8. The socket of claim 1, wherein the top pin section rotates when the top pin section to move towards the slot, increasing the surface area of the pin contact that interfaces with the card-edge connector.

9. A card-edge connector on a circuit board, the card-edge connector comprising:

a first section located at an edge of the circuit board, wherein the first section is of a first thickness;

a second section located between the first section and a center of the circuit board, wherein the second section is of a second thickness that is greater than the first thickness; and

contacts located on the second section.

10. The card-edge connector of claim 9, wherein partial insertion of the card-edge connector into a connector socket with a corresponding pin design causes the first section to displace a socket pin a first amount.

11. The card-edge connector of claim 10, wherein the first amount of displacement causes the socket pin to wipe the contacts located on the second section.

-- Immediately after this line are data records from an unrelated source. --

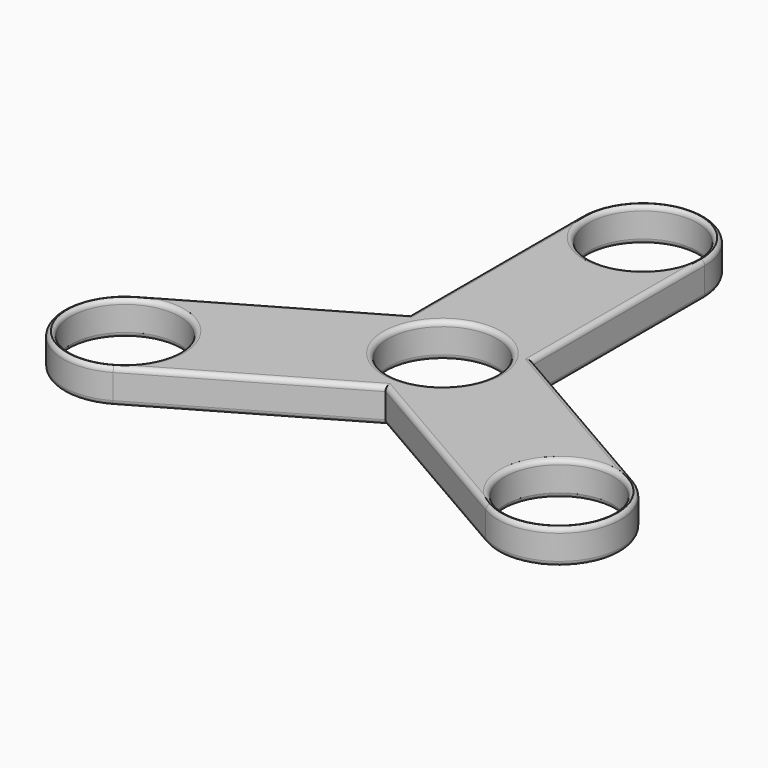
from build123d import *

# Parameters (mm, degrees)
F2_DEPTH      = 7
F1_R          = 11
F3_DEPTH      = 25.4
F4_T8_DEPTH   = 46.0831216351
F4_T13_DEPTH  = 46.0831216351
F4_T18_DEPTH  = 46.0831216351
F4_T23_DEPTH  = 46.0831216351
F4_T28_DEPTH  = 46.0831216351
F4_T37_DEPTH  = 46.0831216351
F4_T42_DEPTH  = 46.0831216351
F4_T51_DEPTH  = 46.0831216351
F4_T56_DEPTH  = 46.0831216351
F4_T59_ANGLE  = 180
F4_T61_ANGLE  = 180
F4_T63_ANGLE  = 180
F4_T67_DEPTH  = 46.0831216351
F4_T70_ANGLE  = 180
F4_T74_DEPTH  = 46.0831216351
F4_T77_ANGLE  = 180
F4_T81_DEPTH  = 46.0831216351
F4_T84_ANGLE  = 180
F4_T89_DEPTH  = 46.0831216351
F4_T93_DEPTH  = 46.0831216351
F4_T100_DEPTH = 46.0831216351
F4_T104_DEPTH = 46.0831216351
F4_T111_DEPTH = 46.0831216351
F4_T115_DEPTH = 46.0831216351
F4_T122_DEPTH = 46.0831216351
F4_T126_DEPTH = 46.0831216351
F4_T133_DEPTH = 46.0831216351
F4_T137_DEPTH = 46.0831216351
F4_T144_DEPTH = 46.0831216351
F4_T148_DEPTH = 46.0831216351
F5_R          = 1


# Not quite as in the source:
# - a fillet or chamfer that OpenCascade refuses, or shapes differently, is made with other operations: its cross-section is extruded or revolved along the edge and cut away or added


with BuildPart() as f2:
    # F0 (on Top) → F2 (new body)
    with BuildSketch(Plane.XY):
        with BuildLine():
            ThreePointArc((12.5, 50.8), (0, 63.3), (-12.5, 50.8))
            Line((-12.5, 50.8), (-12.5, 7.2168783649))
            Line((-12.5, 7.2168783649), (-50.2440905122, -14.5746824527))
            ThreePointArc((-50.2440905122, -14.5746824527), (-54.8194080596, -31.65), (-37.7440905122, -36.2253175473))
            Line((-37.7440905122, -36.2253175473), (0, -14.4337567297))
            Line((0, -14.4337567297), (37.7440905122, -36.2253175473))
            ThreePointArc((37.7440905122, -36.2253175473), (54.8194080596, -31.65), (50.2440905122, -14.5746824527))
            Line((50.2440905122, -14.5746824527), (12.5, 7.2168783649))
            Line((12.5, 7.2168783649), (12.5, 50.8))
        make_face()
    extrude(amount=F2_DEPTH)

    # F1 (on Top) → F3 (cut)
    with BuildSketch(Plane.XY):
        with Locations((0, 50.8)):
            Circle(F1_R)
        with Locations((-43.9940905122, -25.4)):
            Circle(F1_R)
        with Locations((43.9940905122, -25.4)):
            Circle(F1_R)
        Circle(F1_R)
    extrude(amount=F3_DEPTH, mode=Mode.SUBTRACT)

    # F4: fillet of radius 1 on 15 edges, made by hand

    # F4_s1 → F4_t2 (revolve, cut)
    with BuildSketch(Plane.XZ.offset(-50.8)):
        with BuildLine():
            ThreePointArc((12, 7), (11.2928932188, 6.7071067812), (11, 6))
            Line((11, 6), (11, 7))
            Line((11, 7), (12, 7))
        make_face()
    revolve(axis=Axis((0, 50.8, 7), (0, 0, -1)), mode=Mode.SUBTRACT)

    # F4_s3 → F4_t4 (revolve, cut)
    with BuildSketch(Plane.XZ.offset(-50.8)):
        with BuildLine():
            ThreePointArc((12, 0), (11.2928932188, 0.2928932188), (11, 1))
            Line((11, 1), (11, 0))
            Line((11, 0), (12, 0))
        make_face()
    revolve(axis=Axis((0, 50.8, 0), (0, 0, 1)), mode=Mode.SUBTRACT)


with BuildPart() as f4_tool6:
    # F4_s7 → F4_t8 (new body)
    with BuildSketch(Plane.XZ.offset(-50.8)):
        with BuildLine():
            ThreePointArc((-11.5, 0), (-12.2071067812, 0.2928932188), (-12.5, 1))
            Line((-12.5, 1), (-12.5, 0))
            Line((-12.5, 0), (-11.5, 0))
        make_face()
    extrude(amount=F4_T8_DEPTH)

    split(bisect_by=Plane(origin=(-6.25, 10.8253175473, 0), x_dir=(0, 0, 1), z_dir=(-0.5, 0.8660254038, 0)), keep=Keep.TOP)


with BuildPart() as f2_1:
    add(f2.part)

    # F4_t5: cut F4_tool6
    add(f4_tool6.part, mode=Mode.SUBTRACT)


with BuildPart() as f4_tool11:
    # F4_s12 → F4_t13 (new body)
    with BuildSketch(Plane.XZ.offset(-4.7168783649)):
        with BuildLine():
            ThreePointArc((11.5, 0), (12.2071067812, 0.2928932188), (12.5, 1))
            Line((12.5, 1), (12.5, 0))
            Line((12.5, 0), (11.5, 0))
        make_face()
    extrude(amount=-F4_T13_DEPTH)

    split(bisect_by=Plane(origin=(6.25, 10.8253175473, 0), x_dir=(0, 0, 1), z_dir=(0.5, 0.8660254038, 0)), keep=Keep.TOP)


with BuildPart() as f2_2:
    add(f2_1.part)

    # F4_t10: cut F4_tool11
    add(f4_tool11.part, mode=Mode.SUBTRACT)


with BuildPart() as f4_tool16:
    # F4_s17 → F4_t18 (new body)
    with BuildSketch(Plane.XZ.offset(-4.7168783649)):
        with BuildLine():
            ThreePointArc((11.5, 7), (12.2071067812, 6.7071067812), (12.5, 6))
            Line((12.5, 6), (12.5, 7))
            Line((12.5, 7), (11.5, 7))
        make_face()
    extrude(amount=-F4_T18_DEPTH)

    split(bisect_by=Plane(origin=(6.25, 10.8253175473, 0), x_dir=(0, 0, 1), z_dir=(0.5, 0.8660254038, 0)), keep=Keep.TOP)


with BuildPart() as f2_3:
    add(f2_2.part)

    # F4_t15: cut F4_tool16
    add(f4_tool16.part, mode=Mode.SUBTRACT)


with BuildPart() as f4_tool21:
    # F4_s22 → F4_t23 (new body)
    with BuildSketch(Plane(origin=(-4.0849364905, -2.3584391824, 0), x_dir=(0, 0, 1), z_dir=(-0.8660254038, -0.5, 0))):
        with BuildLine():
            ThreePointArc((0, 11.5), (0.2928932188, 12.2071067812), (1, 12.5))
            Line((1, 12.5), (0, 12.5))
            Line((0, 12.5), (0, 11.5))
        make_face()
    extrude(amount=F4_T23_DEPTH)

    split(bisect_by=Plane.YZ.offset(-12.5), keep=Keep.BOTTOM)


with BuildPart() as f2_4:
    add(f2_3.part)

    # F4_t20: cut F4_tool21
    add(f4_tool21.part, mode=Mode.SUBTRACT)


with BuildPart() as f4_tool26:
    # F4_s27 → F4_t28 (new body)
    with BuildSketch(Plane(origin=(-4.0849364905, -2.3584391824, 0), x_dir=(0, 0, 1), z_dir=(-0.8660254038, -0.5, 0))):
        with BuildLine():
            ThreePointArc((7, 11.5), (6.7071067812, 12.2071067812), (6, 12.5))
            Line((6, 12.5), (7, 12.5))
            Line((7, 12.5), (7, 11.5))
        make_face()
    extrude(amount=F4_T28_DEPTH)

    split(bisect_by=Plane.YZ.offset(-12.5), keep=Keep.BOTTOM)


with BuildPart() as f2_5:
    add(f2_4.part)

    # F4_t25: cut F4_tool26
    add(f4_tool26.part, mode=Mode.SUBTRACT)

    # F4_s30 → F4_t31 (revolve, cut)
    with BuildSketch(Plane.XZ.offset(25.4)):
        with BuildLine():
            ThreePointArc((-31.9940905122, 0), (-32.7011972934, 0.2928932188), (-32.9940905122, 1))
            Line((-32.9940905122, 1), (-32.9940905122, 0))
            Line((-32.9940905122, 0), (-31.9940905122, 0))
        make_face()
    revolve(axis=Axis((-43.9940905122, -25.4, 0), (0, 0, 1)), mode=Mode.SUBTRACT)

    # F4_s32 → F4_t33 (revolve, cut)
    with BuildSketch(Plane.XZ.offset(25.4)):
        with BuildLine():
            ThreePointArc((-31.9940905122, 7), (-32.7011972934, 6.7071067812), (-32.9940905122, 6))
            Line((-32.9940905122, 6), (-32.9940905122, 7))
            Line((-32.9940905122, 7), (-31.9940905122, 7))
        make_face()
    revolve(axis=Axis((-43.9940905122, -25.4, 7), (0, 0, -1)), mode=Mode.SUBTRACT)


with BuildPart() as f4_tool35:
    # F4_s36 → F4_t37 (new body)
    with BuildSketch(Plane(origin=(43.9940905122, -25.4, 0), x_dir=(0, 0, 1), z_dir=(-0.8660254038, 0.5, 0))):
        with BuildLine():
            ThreePointArc((7, 11.5), (6.7071067812, 12.2071067812), (6, 12.5))
            Line((6, 12.5), (7, 12.5))
            Line((7, 12.5), (7, 11.5))
        make_face()
    extrude(amount=F4_T37_DEPTH)

    split(bisect_by=Plane.YZ.offset(12.5), keep=Keep.TOP)


with BuildPart() as f2_6:
    add(f2_5.part)

    # F4_t34: cut F4_tool35
    add(f4_tool35.part, mode=Mode.SUBTRACT)


with BuildPart() as f4_tool40:
    # F4_s41 → F4_t42 (new body)
    with BuildSketch(Plane(origin=(4.0849364905, -2.3584391824, 0), x_dir=(0, 0, 1), z_dir=(0.8660254038, -0.5, 0))):
        with BuildLine():
            ThreePointArc((6, 12.5), (6.7071067812, 12.2071067812), (7, 11.5))
            Line((7, 11.5), (7, 12.5))
            Line((7, 12.5), (6, 12.5))
        make_face()
    extrude(amount=F4_T42_DEPTH)

    split(bisect_by=Plane(origin=(6.25, -10.8253175473, 0), x_dir=(0, 0, 1), z_dir=(0.5, -0.8660254038, 0)), keep=Keep.TOP)


with BuildPart() as f2_7:
    add(f2_6.part)

    # F4_t39: cut F4_tool40
    add(f4_tool40.part, mode=Mode.SUBTRACT)

    # F4_s44 → F4_t45 (revolve, cut)
    with BuildSketch(Plane.XZ.offset(25.4)):
        with BuildLine():
            ThreePointArc((55.9940905122, 7), (55.2869837311, 6.7071067812), (54.9940905122, 6))
            Line((54.9940905122, 6), (54.9940905122, 7))
            Line((54.9940905122, 7), (55.9940905122, 7))
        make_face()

12. The card-edge connector of claim 9, wherein complete insertion of the card-edge connector into a connector socket with a corresponding pin design causes the second section to displace the socket pin a second amount.

13. The card-edge connector of claim 12, wherein the second amount of displacement causes the socket pin to press against the trace contacts with a force that is sufficient for reliable electrical connection between the socket pin and the trace contact.

14. A method of assembling a card-edge connector socket, the method comprising:

inserting a contact pin into an opening of the socket housing, wherein the pin is inserted between a slot and a fulcrum; and

connecting the contact pin to a pin base;

wherein the pin is shaped such that a circuit board inserted into the slot displaces the pin and causes a portion of the pin to rotate towards the circuit board.

15. The method of claim 14, wherein the contact pin interfaces with the fulcrum when inserted into the socket housing.